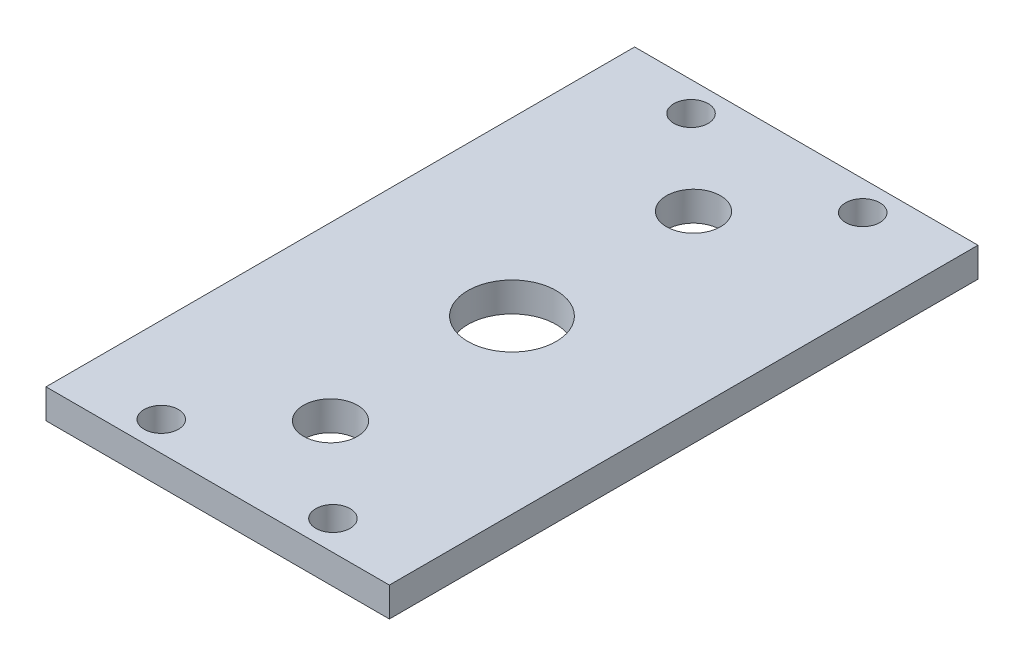
ISO-10303-21;
HEADER;
FILE_DESCRIPTION(('STEP AP214'),'2;1');
FILE_NAME('part.step','',(''),(''),'','','');
FILE_SCHEMA(('AUTOMOTIVE_DESIGN { 1 0 10303 214 1 1 1 1 }'));
ENDSEC;
DATA;
#1=APPLICATION_CONTEXT('core data for automotive mechanical design processes');
#2=APPLICATION_PROTOCOL_DEFINITION('international standard','automotive_design',2000,#1);
#3=PRODUCT_CONTEXT('',#1,'mechanical');
#4=PRODUCT('Part','Part','',(#3));
#5=PRODUCT_RELATED_PRODUCT_CATEGORY('part','',(#4));
#6=PRODUCT_DEFINITION_FORMATION('','',#4);
#7=PRODUCT_DEFINITION_CONTEXT('part definition',#1,'design');
#8=PRODUCT_DEFINITION('design','',#6,#7);
#9=PRODUCT_DEFINITION_SHAPE('','',#8);
#10=(LENGTH_UNIT() NAMED_UNIT(*) SI_UNIT(.MILLI.,.METRE.));
#11=(NAMED_UNIT(*) PLANE_ANGLE_UNIT() SI_UNIT($,.RADIAN.));
#12=(NAMED_UNIT(*) SI_UNIT($,.STERADIAN.) SOLID_ANGLE_UNIT());
#13=UNCERTAINTY_MEASURE_WITH_UNIT(LENGTH_MEASURE(1.E-05),#10,'distance_accuracy_value','');
#14=(GEOMETRIC_REPRESENTATION_CONTEXT(3) GLOBAL_UNCERTAINTY_ASSIGNED_CONTEXT((#13)) GLOBAL_UNIT_ASSIGNED_CONTEXT((#10,
#11,#12)) REPRESENTATION_CONTEXT('',''));
#15=CARTESIAN_POINT('',(0.,0.,0.));
#16=DIRECTION('',(0.,0.,1.));
#17=DIRECTION('',(1.,0.,0.));
#18=AXIS2_PLACEMENT_3D('',#15,#16,#17);
#19=CARTESIAN_POINT('',(0.,3.,0.));
#20=DIRECTION('',(0.,-1.,0.));
#21=DIRECTION('',(0.,0.,-1.));
#22=AXIS2_PLACEMENT_3D('',#19,#20,#21);
#23=PLANE('',#22);
#24=CARTESIAN_POINT('',(0.,3.,0.));
#25=DIRECTION('',(0.,1.,0.));
#26=DIRECTION('',(0.,0.,1.));
#27=AXIS2_PLACEMENT_3D('',#24,#25,#26);
#28=CIRCLE('',#27,4.5);
#29=CARTESIAN_POINT('',(0.,3.,4.5));
#30=VERTEX_POINT('',#29);
#31=EDGE_CURVE('E153',#30,#30,#28,.T.);
#32=ORIENTED_EDGE('',*,*,#31,.F.);
#33=EDGE_LOOP('',(#32));
#34=FACE_BOUND('',#33,.T.);
#35=CARTESIAN_POINT('',(8.75000000000001,3.,-27.));
#36=DIRECTION('',(0.,1.,0.));
#37=DIRECTION('',(0.,0.,1.));
#38=AXIS2_PLACEMENT_3D('',#35,#36,#37);
#39=CIRCLE('',#38,1.75000000000001);
#40=CARTESIAN_POINT('',(8.75000000000001,3.,-25.25));
#41=VERTEX_POINT('',#40);
#42=EDGE_CURVE('E131',#41,#41,#39,.T.);
#43=ORIENTED_EDGE('',*,*,#42,.F.);
#44=EDGE_LOOP('',(#43));
#45=FACE_BOUND('',#44,.T.);
#46=CARTESIAN_POINT('',(8.75000000000001,3.,27.));
#47=DIRECTION('',(0.,1.,0.));
#48=DIRECTION('',(0.,0.,1.));
#49=AXIS2_PLACEMENT_3D('',#46,#47,#48);
#50=CIRCLE('',#49,1.75000000000001);
#51=CARTESIAN_POINT('',(8.75000000000001,3.,28.75));
#52=VERTEX_POINT('',#51);
#53=EDGE_CURVE('E125',#52,#52,#50,.T.);
#54=ORIENTED_EDGE('',*,*,#53,.F.);
#55=EDGE_LOOP('',(#54));
#56=FACE_BOUND('',#55,.T.);
#57=DIRECTION('',(0.,0.,-1.));
#58=VECTOR('',#57,1.);
#59=CARTESIAN_POINT('',(17.5,3.,30.));
#60=LINE('',#59,#58);
#61=CARTESIAN_POINT('',(17.5,3.,30.));
#62=VERTEX_POINT('',#61);
#63=CARTESIAN_POINT('',(17.5,3.,-30.));
#64=VERTEX_POINT('',#63);
#65=EDGE_CURVE('E91',#62,#64,#60,.T.);
#66=ORIENTED_EDGE('',*,*,#65,.T.);
#67=DIRECTION('',(-1.,0.,0.));
#68=VECTOR('',#67,1.);
#69=CARTESIAN_POINT('',(-17.5,3.,-30.));
#70=LINE('',#69,#68);
#71=CARTESIAN_POINT('',(-17.5,3.,-30.));
#72=VERTEX_POINT('',#71);
#73=EDGE_CURVE('E86',#64,#72,#70,.T.);
#74=ORIENTED_EDGE('',*,*,#73,.T.);
#75=DIRECTION('',(0.,0.,1.));
#76=VECTOR('',#75,1.);
#77=CARTESIAN_POINT('',(-17.5,3.,30.));
#78=LINE('',#77,#76);
#79=CARTESIAN_POINT('',(-17.5,3.,30.));
#80=VERTEX_POINT('',#79);
#81=EDGE_CURVE('E89',#72,#80,#78,.T.);
#82=ORIENTED_EDGE('',*,*,#81,.T.);
#83=DIRECTION('',(1.,0.,0.));
#84=VECTOR('',#83,1.);
#85=CARTESIAN_POINT('',(-17.5,3.,30.));
#86=LINE('',#85,#84);
#87=EDGE_CURVE('E56',#80,#62,#86,.T.);
#88=ORIENTED_EDGE('',*,*,#87,.T.);
#89=EDGE_LOOP('',(#66,#74,#82,#88));
#90=FACE_BOUND('',#89,.T.);
#91=CARTESIAN_POINT('',(-8.74999999999999,3.,27.));
#92=DIRECTION('',(0.,1.,0.));
#93=DIRECTION('',(0.,0.,1.));
#94=AXIS2_PLACEMENT_3D('',#91,#92,#93);
#95=CIRCLE('',#94,1.75000000000001);
#96=CARTESIAN_POINT('',(-8.74999999999999,3.,28.75));
#97=VERTEX_POINT('',#96);
#98=EDGE_CURVE('E119',#97,#97,#95,.T.);
#99=ORIENTED_EDGE('',*,*,#98,.F.);
#100=EDGE_LOOP('',(#99));
#101=FACE_BOUND('',#100,.T.);
#102=CARTESIAN_POINT('',(-8.74999999999999,3.,-27.));
#103=DIRECTION('',(0.,1.,0.));
#104=DIRECTION('',(0.,0.,1.));
#105=AXIS2_PLACEMENT_3D('',#102,#103,#104);
#106=CIRCLE('',#105,1.75000000000001);
#107=CARTESIAN_POINT('',(-8.74999999999999,3.,-25.25));
#108=VERTEX_POINT('',#107);
#109=EDGE_CURVE('E137',#108,#108,#106,.T.);
#110=ORIENTED_EDGE('',*,*,#109,.F.);
#111=EDGE_LOOP('',(#110));
#112=FACE_BOUND('',#111,.T.);
#113=CARTESIAN_POINT('',(0.,3.,18.5));
#114=DIRECTION('',(0.,1.,0.));
#115=DIRECTION('',(0.,0.,1.));
#116=AXIS2_PLACEMENT_3D('',#113,#114,#115);
#117=CIRCLE('',#116,2.75000000000001);
#118=CARTESIAN_POINT('',(0.,3.,21.25));
#119=VERTEX_POINT('',#118);
#120=EDGE_CURVE('E143',#119,#119,#117,.T.);
#121=ORIENTED_EDGE('',*,*,#120,.F.);
#122=EDGE_LOOP('',(#121));
#123=FACE_BOUND('',#122,.T.);
#124=CARTESIAN_POINT('',(0.,3.,-18.5));
#125=DIRECTION('',(0.,1.,0.));
#126=DIRECTION('',(0.,0.,1.));
#127=AXIS2_PLACEMENT_3D('',#124,#125,#126);
#128=CIRCLE('',#127,2.75000000000001);
#129=CARTESIAN_POINT('',(0.,3.,-15.75));
#130=VERTEX_POINT('',#129);
#131=EDGE_CURVE('E149',#130,#130,#128,.T.);
#132=ORIENTED_EDGE('',*,*,#131,.F.);
#133=EDGE_LOOP('',(#132));
#134=FACE_BOUND('',#133,.T.);
#135=ADVANCED_FACE('F39',(#34,#45,#56,#90,#101,#112,#123,#134),#23,.F.);
#136=CARTESIAN_POINT('',(17.5,3.,30.));
#137=DIRECTION('',(-1.,0.,0.));
#138=DIRECTION('',(0.,0.,1.));
#139=AXIS2_PLACEMENT_3D('',#136,#137,#138);
#140=PLANE('',#139);
#141=DIRECTION('',(0.,0.,-1.));
#142=VECTOR('',#141,1.);
#143=CARTESIAN_POINT('',(17.5,0.,30.));
#144=LINE('',#143,#142);
#145=CARTESIAN_POINT('',(17.5,0.,30.));
#146=VERTEX_POINT('',#145);
#147=CARTESIAN_POINT('',(17.5,0.,-30.));
#148=VERTEX_POINT('',#147);
#149=EDGE_CURVE('E103',#146,#148,#144,.T.);
#150=ORIENTED_EDGE('',*,*,#149,.T.);
#151=DIRECTION('',(0.,-1.,0.));
#152=VECTOR('',#151,1.);
#153=CARTESIAN_POINT('',(17.5,3.,-30.));
#154=LINE('',#153,#152);
#155=EDGE_CURVE('E11',#64,#148,#154,.T.);
#156=ORIENTED_EDGE('',*,*,#155,.F.);
#157=ORIENTED_EDGE('',*,*,#65,.F.);
#158=DIRECTION('',(0.,-1.,0.));
#159=VECTOR('',#158,1.);
#160=CARTESIAN_POINT('',(17.5,3.,30.));
#161=LINE('',#160,#159);
#162=EDGE_CURVE('E99',#62,#146,#161,.T.);
#163=ORIENTED_EDGE('',*,*,#162,.T.);
#164=EDGE_LOOP('',(#150,#156,#157,#163));
#165=FACE_BOUND('',#164,.T.);
#166=ADVANCED_FACE('F41',(#165),#140,.F.);
#167=CARTESIAN_POINT('',(-17.5,3.,-30.));
#168=DIRECTION('',(0.,0.,1.));
#169=DIRECTION('',(1.,0.,0.));
#170=AXIS2_PLACEMENT_3D('',#167,#168,#169);
#171=PLANE('',#170);
#172=DIRECTION('',(-1.,0.,0.));
#173=VECTOR('',#172,1.);
#174=CARTESIAN_POINT('',(-17.5,0.,-30.));
#175=LINE('',#174,#173);
#176=CARTESIAN_POINT('',(-17.5,0.,-30.));
#177=VERTEX_POINT('',#176);
#178=EDGE_CURVE('E95',#148,#177,#175,.T.);
#179=ORIENTED_EDGE('',*,*,#178,.T.);
#180=DIRECTION('',(0.,-1.,0.));
#181=VECTOR('',#180,1.);
#182=CARTESIAN_POINT('',(-17.5,3.,-30.));
#183=LINE('',#182,#181);
#184=EDGE_CURVE('E48',#72,#177,#183,.T.);
#185=ORIENTED_EDGE('',*,*,#184,.F.);
#186=ORIENTED_EDGE('',*,*,#73,.F.);
#187=ORIENTED_EDGE('',*,*,#155,.T.);
#188=EDGE_LOOP('',(#179,#185,#186,#187));
#189=FACE_BOUND('',#188,.T.);
#190=ADVANCED_FACE('F94',(#189),#171,.F.);
#191=CARTESIAN_POINT('',(-17.5,3.,30.));
#192=DIRECTION('',(1.,0.,0.));
#193=DIRECTION('',(0.,0.,-1.));
#194=AXIS2_PLACEMENT_3D('',#191,#192,#193);
#195=PLANE('',#194);
#196=DIRECTION('',(0.,0.,1.));
#197=VECTOR('',#196,1.);
#198=CARTESIAN_POINT('',(-17.5,0.,30.));
#199=LINE('',#198,#197);
#200=CARTESIAN_POINT('',(-17.5,0.,30.));
#201=VERTEX_POINT('',#200);
#202=EDGE_CURVE('E73',#177,#201,#199,.T.);
#203=ORIENTED_EDGE('',*,*,#202,.T.);
#204=DIRECTION('',(0.,-1.,0.));
#205=VECTOR('',#204,1.);
#206=CARTESIAN_POINT('',(-17.5,3.,30.));
#207=LINE('',#206,#205);
#208=EDGE_CURVE('E96',#80,#201,#207,.T.);
#209=ORIENTED_EDGE('',*,*,#208,.F.);
#210=ORIENTED_EDGE('',*,*,#81,.F.);
#211=ORIENTED_EDGE('',*,*,#184,.T.);
#212=EDGE_LOOP('',(#203,#209,#210,#211));
#213=FACE_BOUND('',#212,.T.);
#214=ADVANCED_FACE('F97',(#213),#195,.F.);
#215=CARTESIAN_POINT('',(-17.5,3.,30.));
#216=DIRECTION('',(0.,0.,-1.));
#217=DIRECTION('',(-1.,0.,0.));
#218=AXIS2_PLACEMENT_3D('',#215,#216,#217);
#219=PLANE('',#218);
#220=DIRECTION('',(1.,0.,0.));
#221=VECTOR('',#220,1.);
#222=CARTESIAN_POINT('',(-17.5,0.,30.));
#223=LINE('',#222,#221);
#224=EDGE_CURVE('E79',#201,#146,#223,.T.);
#225=ORIENTED_EDGE('',*,*,#224,.T.);
#226=ORIENTED_EDGE('',*,*,#162,.F.);
#227=ORIENTED_EDGE('',*,*,#87,.F.);
#228=ORIENTED_EDGE('',*,*,#208,.T.);
#229=EDGE_LOOP('',(#225,#226,#227,#228));
#230=FACE_BOUND('',#229,.T.);
#231=ADVANCED_FACE('F111',(#230),#219,.F.);
#232=CARTESIAN_POINT('',(0.,0.,0.));
#233=DIRECTION('',(0.,-1.,0.));
#234=DIRECTION('',(0.,0.,-1.));
#235=AXIS2_PLACEMENT_3D('',#232,#233,#234);
#236=PLANE('',#235);
#237=CARTESIAN_POINT('',(0.,0.,0.));
#238=DIRECTION('',(0.,1.,0.));
#239=DIRECTION('',(0.,0.,1.));
#240=AXIS2_PLACEMENT_3D('',#237,#238,#239);
#241=CIRCLE('',#240,4.5);
#242=CARTESIAN_POINT('',(0.,0.,4.5));
#243=VERTEX_POINT('',#242);
#244=EDGE_CURVE('E152',#243,#243,#241,.T.);
#245=ORIENTED_EDGE('',*,*,#244,.T.);
#246=EDGE_LOOP('',(#245));
#247=FACE_BOUND('',#246,.T.);
#248=CARTESIAN_POINT('',(0.,0.,-18.5));
#249=DIRECTION('',(0.,-1.,0.));
#250=DIRECTION('',(0.,0.,-1.));
#251=AXIS2_PLACEMENT_3D('',#248,#249,#250);
#252=CIRCLE('',#251,2.75000000000001);
#253=CARTESIAN_POINT('',(0.,0.,-21.25));
#254=VERTEX_POINT('',#253);
#255=EDGE_CURVE('E146',#254,#254,#252,.T.);
#256=ORIENTED_EDGE('',*,*,#255,.F.);
#257=EDGE_LOOP('',(#256));
#258=FACE_BOUND('',#257,.T.);
#259=CARTESIAN_POINT('',(0.,0.,18.5));
#260=DIRECTION('',(0.,-1.,0.));
#261=DIRECTION('',(0.,0.,-1.));
#262=AXIS2_PLACEMENT_3D('',#259,#260,#261);
#263=CIRCLE('',#262,2.75000000000001);
#264=CARTESIAN_POINT('',(0.,0.,15.75));
#265=VERTEX_POINT('',#264);
#266=EDGE_CURVE('E140',#265,#265,#263,.T.);
#267=ORIENTED_EDGE('',*,*,#266,.F.);
#268=EDGE_LOOP('',(#267));
#269=FACE_BOUND('',#268,.T.);
#270=CARTESIAN_POINT('',(-8.74999999999999,0.,-27.));
#271=DIRECTION('',(0.,-1.,0.));
#272=DIRECTION('',(0.,0.,-1.));
#273=AXIS2_PLACEMENT_3D('',#270,#271,#272);
#274=CIRCLE('',#273,1.75000000000001);
#275=CARTESIAN_POINT('',(-8.74999999999999,0.,-28.75));
#276=VERTEX_POINT('',#275);
#277=EDGE_CURVE('E134',#276,#276,#274,.T.);
#278=ORIENTED_EDGE('',*,*,#277,.F.);
#279=EDGE_LOOP('',(#278));
#280=FACE_BOUND('',#279,.T.);
#281=CARTESIAN_POINT('',(8.75000000000001,0.,-27.));
#282=DIRECTION('',(0.,-1.,0.));
#283=DIRECTION('',(0.,0.,-1.));
#284=AXIS2_PLACEMENT_3D('',#281,#282,#283);
#285=CIRCLE('',#284,1.75000000000001);
#286=CARTESIAN_POINT('',(8.75000000000001,0.,-28.75));
#287=VERTEX_POINT('',#286);
#288=EDGE_CURVE('E128',#287,#287,#285,.T.);
#289=ORIENTED_EDGE('',*,*,#288,.F.);
#290=EDGE_LOOP('',(#289));
#291=FACE_BOUND('',#290,.T.);
#292=CARTESIAN_POINT('',(8.75000000000001,0.,27.));
#293=DIRECTION('',(0.,-1.,0.));
#294=DIRECTION('',(0.,0.,-1.));
#295=AXIS2_PLACEMENT_3D('',#292,#293,#294);
#296=CIRCLE('',#295,1.75000000000001);
#297=CARTESIAN_POINT('',(8.75000000000001,0.,25.25));
#298=VERTEX_POINT('',#297);
#299=EDGE_CURVE('E122',#298,#298,#296,.T.);
#300=ORIENTED_EDGE('',*,*,#299,.F.);
#301=EDGE_LOOP('',(#300));
#302=FACE_BOUND('',#301,.T.);
#303=CARTESIAN_POINT('',(-8.74999999999999,0.,27.));
#304=DIRECTION('',(0.,-1.,0.));
#305=DIRECTION('',(0.,0.,-1.));
#306=AXIS2_PLACEMENT_3D('',#303,#304,#305);
#307=CIRCLE('',#306,1.75000000000001);
#308=CARTESIAN_POINT('',(-8.74999999999999,0.,25.25));
#309=VERTEX_POINT('',#308);
#310=EDGE_CURVE('E106',#309,#309,#307,.T.);
#311=ORIENTED_EDGE('',*,*,#310,.F.);
#312=EDGE_LOOP('',(#311));
#313=FACE_BOUND('',#312,.T.);
#314=ORIENTED_EDGE('',*,*,#149,.F.);
#315=ORIENTED_EDGE('',*,*,#224,.F.);
#316=ORIENTED_EDGE('',*,*,#202,.F.);
#317=ORIENTED_EDGE('',*,*,#178,.F.);
#318=EDGE_LOOP('',(#314,#315,#316,#317));
#319=FACE_BOUND('',#318,.T.);
#320=ADVANCED_FACE('F114',(#247,#258,#269,#280,#291,#302,#313,#319),#236,.T.);
#321=CARTESIAN_POINT('',(-8.74999999999999,3.,27.));
#322=DIRECTION('',(0.,1.,0.));
#323=DIRECTION('',(0.,0.,1.));
#324=AXIS2_PLACEMENT_3D('',#321,#322,#323);
#325=CYLINDRICAL_SURFACE('',#324,1.75000000000001);
#326=ORIENTED_EDGE('',*,*,#98,.T.);
#327=EDGE_LOOP('',(#326));
#328=FACE_BOUND('',#327,.T.);
#329=ORIENTED_EDGE('',*,*,#310,.T.);
#330=EDGE_LOOP('',(#329));
#331=FACE_BOUND('',#330,.T.);
#332=ADVANCED_FACE('F179',(#328,#331),#325,.F.);
#333=CARTESIAN_POINT('',(8.75000000000001,3.,27.));
#334=DIRECTION('',(0.,1.,0.));
#335=DIRECTION('',(0.,0.,1.));
#336=AXIS2_PLACEMENT_3D('',#333,#334,#335);
#337=CYLINDRICAL_SURFACE('',#336,1.75000000000001);
#338=ORIENTED_EDGE('',*,*,#53,.T.);
#339=EDGE_LOOP('',(#338));
#340=FACE_BOUND('',#339,.T.);
#341=ORIENTED_EDGE('',*,*,#299,.T.);
#342=EDGE_LOOP('',(#341));
#343=FACE_BOUND('',#342,.T.);
#344=ADVANCED_FACE('F175',(#340,#343),#337,.F.);
#345=CARTESIAN_POINT('',(8.75000000000001,3.,-27.));
#346=DIRECTION('',(0.,1.,0.));
#347=DIRECTION('',(0.,0.,1.));
#348=AXIS2_PLACEMENT_3D('',#345,#346,#347);
#349=CYLINDRICAL_SURFACE('',#348,1.75000000000001);
#350=ORIENTED_EDGE('',*,*,#42,.T.);
#351=EDGE_LOOP('',(#350));
#352=FACE_BOUND('',#351,.T.);
#353=ORIENTED_EDGE('',*,*,#288,.T.);
#354=EDGE_LOOP('',(#353));
#355=FACE_BOUND('',#354,.T.);
#356=ADVANCED_FACE('F178',(#352,#355),#349,.F.);
#357=CARTESIAN_POINT('',(-8.74999999999999,3.,-27.));
#358=DIRECTION('',(0.,1.,0.));
#359=DIRECTION('',(0.,0.,1.));
#360=AXIS2_PLACEMENT_3D('',#357,#358,#359);
#361=CYLINDRICAL_SURFACE('',#360,1.75000000000001);
#362=ORIENTED_EDGE('',*,*,#109,.T.);
#363=EDGE_LOOP('',(#362));
#364=FACE_BOUND('',#363,.T.);
#365=ORIENTED_EDGE('',*,*,#277,.T.);
#366=EDGE_LOOP('',(#365));
#367=FACE_BOUND('',#366,.T.);
#368=ADVANCED_FACE('F246',(#364,#367),#361,.F.);
#369=CARTESIAN_POINT('',(0.,3.,18.5));
#370=DIRECTION('',(0.,1.,0.));
#371=DIRECTION('',(0.,0.,1.));
#372=AXIS2_PLACEMENT_3D('',#369,#370,#371);
#373=CYLINDRICAL_SURFACE('',#372,2.75000000000001);
#374=ORIENTED_EDGE('',*,*,#120,.T.);
#375=EDGE_LOOP('',(#374));
#376=FACE_BOUND('',#375,.T.);
#377=ORIENTED_EDGE('',*,*,#266,.T.);
#378=EDGE_LOOP('',(#377));
#379=FACE_BOUND('',#378,.T.);
#380=ADVANCED_FACE('F255',(#376,#379),#373,.F.);
#381=CARTESIAN_POINT('',(0.,3.,-18.5));
#382=DIRECTION('',(0.,1.,0.));
#383=DIRECTION('',(0.,0.,1.));
#384=AXIS2_PLACEMENT_3D('',#381,#382,#383);
#385=CYLINDRICAL_SURFACE('',#384,2.75000000000001);
#386=ORIENTED_EDGE('',*,*,#131,.T.);
#387=EDGE_LOOP('',(#386));
#388=FACE_BOUND('',#387,.T.);
#389=ORIENTED_EDGE('',*,*,#255,.T.);
#390=EDGE_LOOP('',(#389));
#391=FACE_BOUND('',#390,.T.);
#392=ADVANCED_FACE('F164',(#388,#391),#385,.F.);
#393=CARTESIAN_POINT('',(0.,0.,0.));
#394=DIRECTION('',(0.,1.,0.));
#395=DIRECTION('',(0.,0.,1.));
#396=AXIS2_PLACEMENT_3D('',#393,#394,#395);
#397=CYLINDRICAL_SURFACE('',#396,4.5);
#398=ORIENTED_EDGE('',*,*,#244,.F.);
#399=EDGE_LOOP('',(#398));
#400=FACE_BOUND('',#399,.T.);
#401=ORIENTED_EDGE('',*,*,#31,.T.);
#402=EDGE_LOOP('',(#401));
#403=FACE_BOUND('',#402,.T.);
#404=ADVANCED_FACE('F161',(#400,#403),#397,.F.);
#405=CLOSED_SHELL('',(#135,#166,#190,#214,#231,#320,#332,#344,#356,#368,#380,#392,#404));
#406=MANIFOLD_SOLID_BREP('B2',#405);
#407=ADVANCED_BREP_SHAPE_REPRESENTATION('',(#18,#406),#14);
#408=SHAPE_DEFINITION_REPRESENTATION(#9,#407);
ENDSEC;
END-ISO-10303-21;

● ● ●

__Task to complete__
Within the material above, copy exactly the lines from the line that holds "#307=CIRCLE('',#306,1.75000000000001);" up to and including the line that holds "#348=AXIS2_PLACEMENT_3D('',#345,#346,#347);".

__Task output__
#307=CIRCLE('',#306,1.75000000000001);
#308=CARTESIAN_POINT('',(-8.74999999999999,0.,25.25));
#309=VERTEX_POINT('',#308);
#310=EDGE_CURVE('E106',#309,#309,#307,.T.);
#311=ORIENTED_EDGE('',*,*,#310,.F.);
#312=EDGE_LOOP('',(#311));
#313=FACE_BOUND('',#312,.T.);
#314=ORIENTED_EDGE('',*,*,#149,.F.);
#315=ORIENTED_EDGE('',*,*,#224,.F.);
#316=ORIENTED_EDGE('',*,*,#202,.F.);
#317=ORIENTED_EDGE('',*,*,#178,.F.);
#318=EDGE_LOOP('',(#314,#315,#316,#317));
#319=FACE_BOUND('',#318,.T.);
#320=ADVANCED_FACE('F114',(#247,#258,#269,#280,#291,#302,#313,#319),#236,.T.);
#321=CARTESIAN_POINT('',(-8.74999999999999,3.,27.));
#322=DIRECTION('',(0.,1.,0.));
#323=DIRECTION('',(0.,0.,1.));
#324=AXIS2_PLACEMENT_3D('',#321,#322,#323);
#325=CYLINDRICAL_SURFACE('',#324,1.75000000000001);
#326=ORIENTED_EDGE('',*,*,#98,.T.);
#327=EDGE_LOOP('',(#326));
#328=FACE_BOUND('',#327,.T.);
#329=ORIENTED_EDGE('',*,*,#310,.T.);
#330=EDGE_LOOP('',(#329));
#331=FACE_BOUND('',#330,.T.);
#332=ADVANCED_FACE('F179',(#328,#331),#325,.F.);
#333=CARTESIAN_POINT('',(8.75000000000001,3.,27.));
#334=DIRECTION('',(0.,1.,0.));
#335=DIRECTION('',(0.,0.,1.));
#336=AXIS2_PLACEMENT_3D('',#333,#334,#335);
#337=CYLINDRICAL_SURFACE('',#336,1.75000000000001);
#338=ORIENTED_EDGE('',*,*,#53,.T.);
#339=EDGE_LOOP('',(#338));
#340=FACE_BOUND('',#339,.T.);
#341=ORIENTED_EDGE('',*,*,#299,.T.);
#342=EDGE_LOOP('',(#341));
#343=FACE_BOUND('',#342,.T.);
#344=ADVANCED_FACE('F175',(#340,#343),#337,.F.);
#345=CARTESIAN_POINT('',(8.75000000000001,3.,-27.));
#346=DIRECTION('',(0.,1.,0.));
#347=DIRECTION('',(0.,0.,1.));
#348=AXIS2_PLACEMENT_3D('',#345,#346,#347);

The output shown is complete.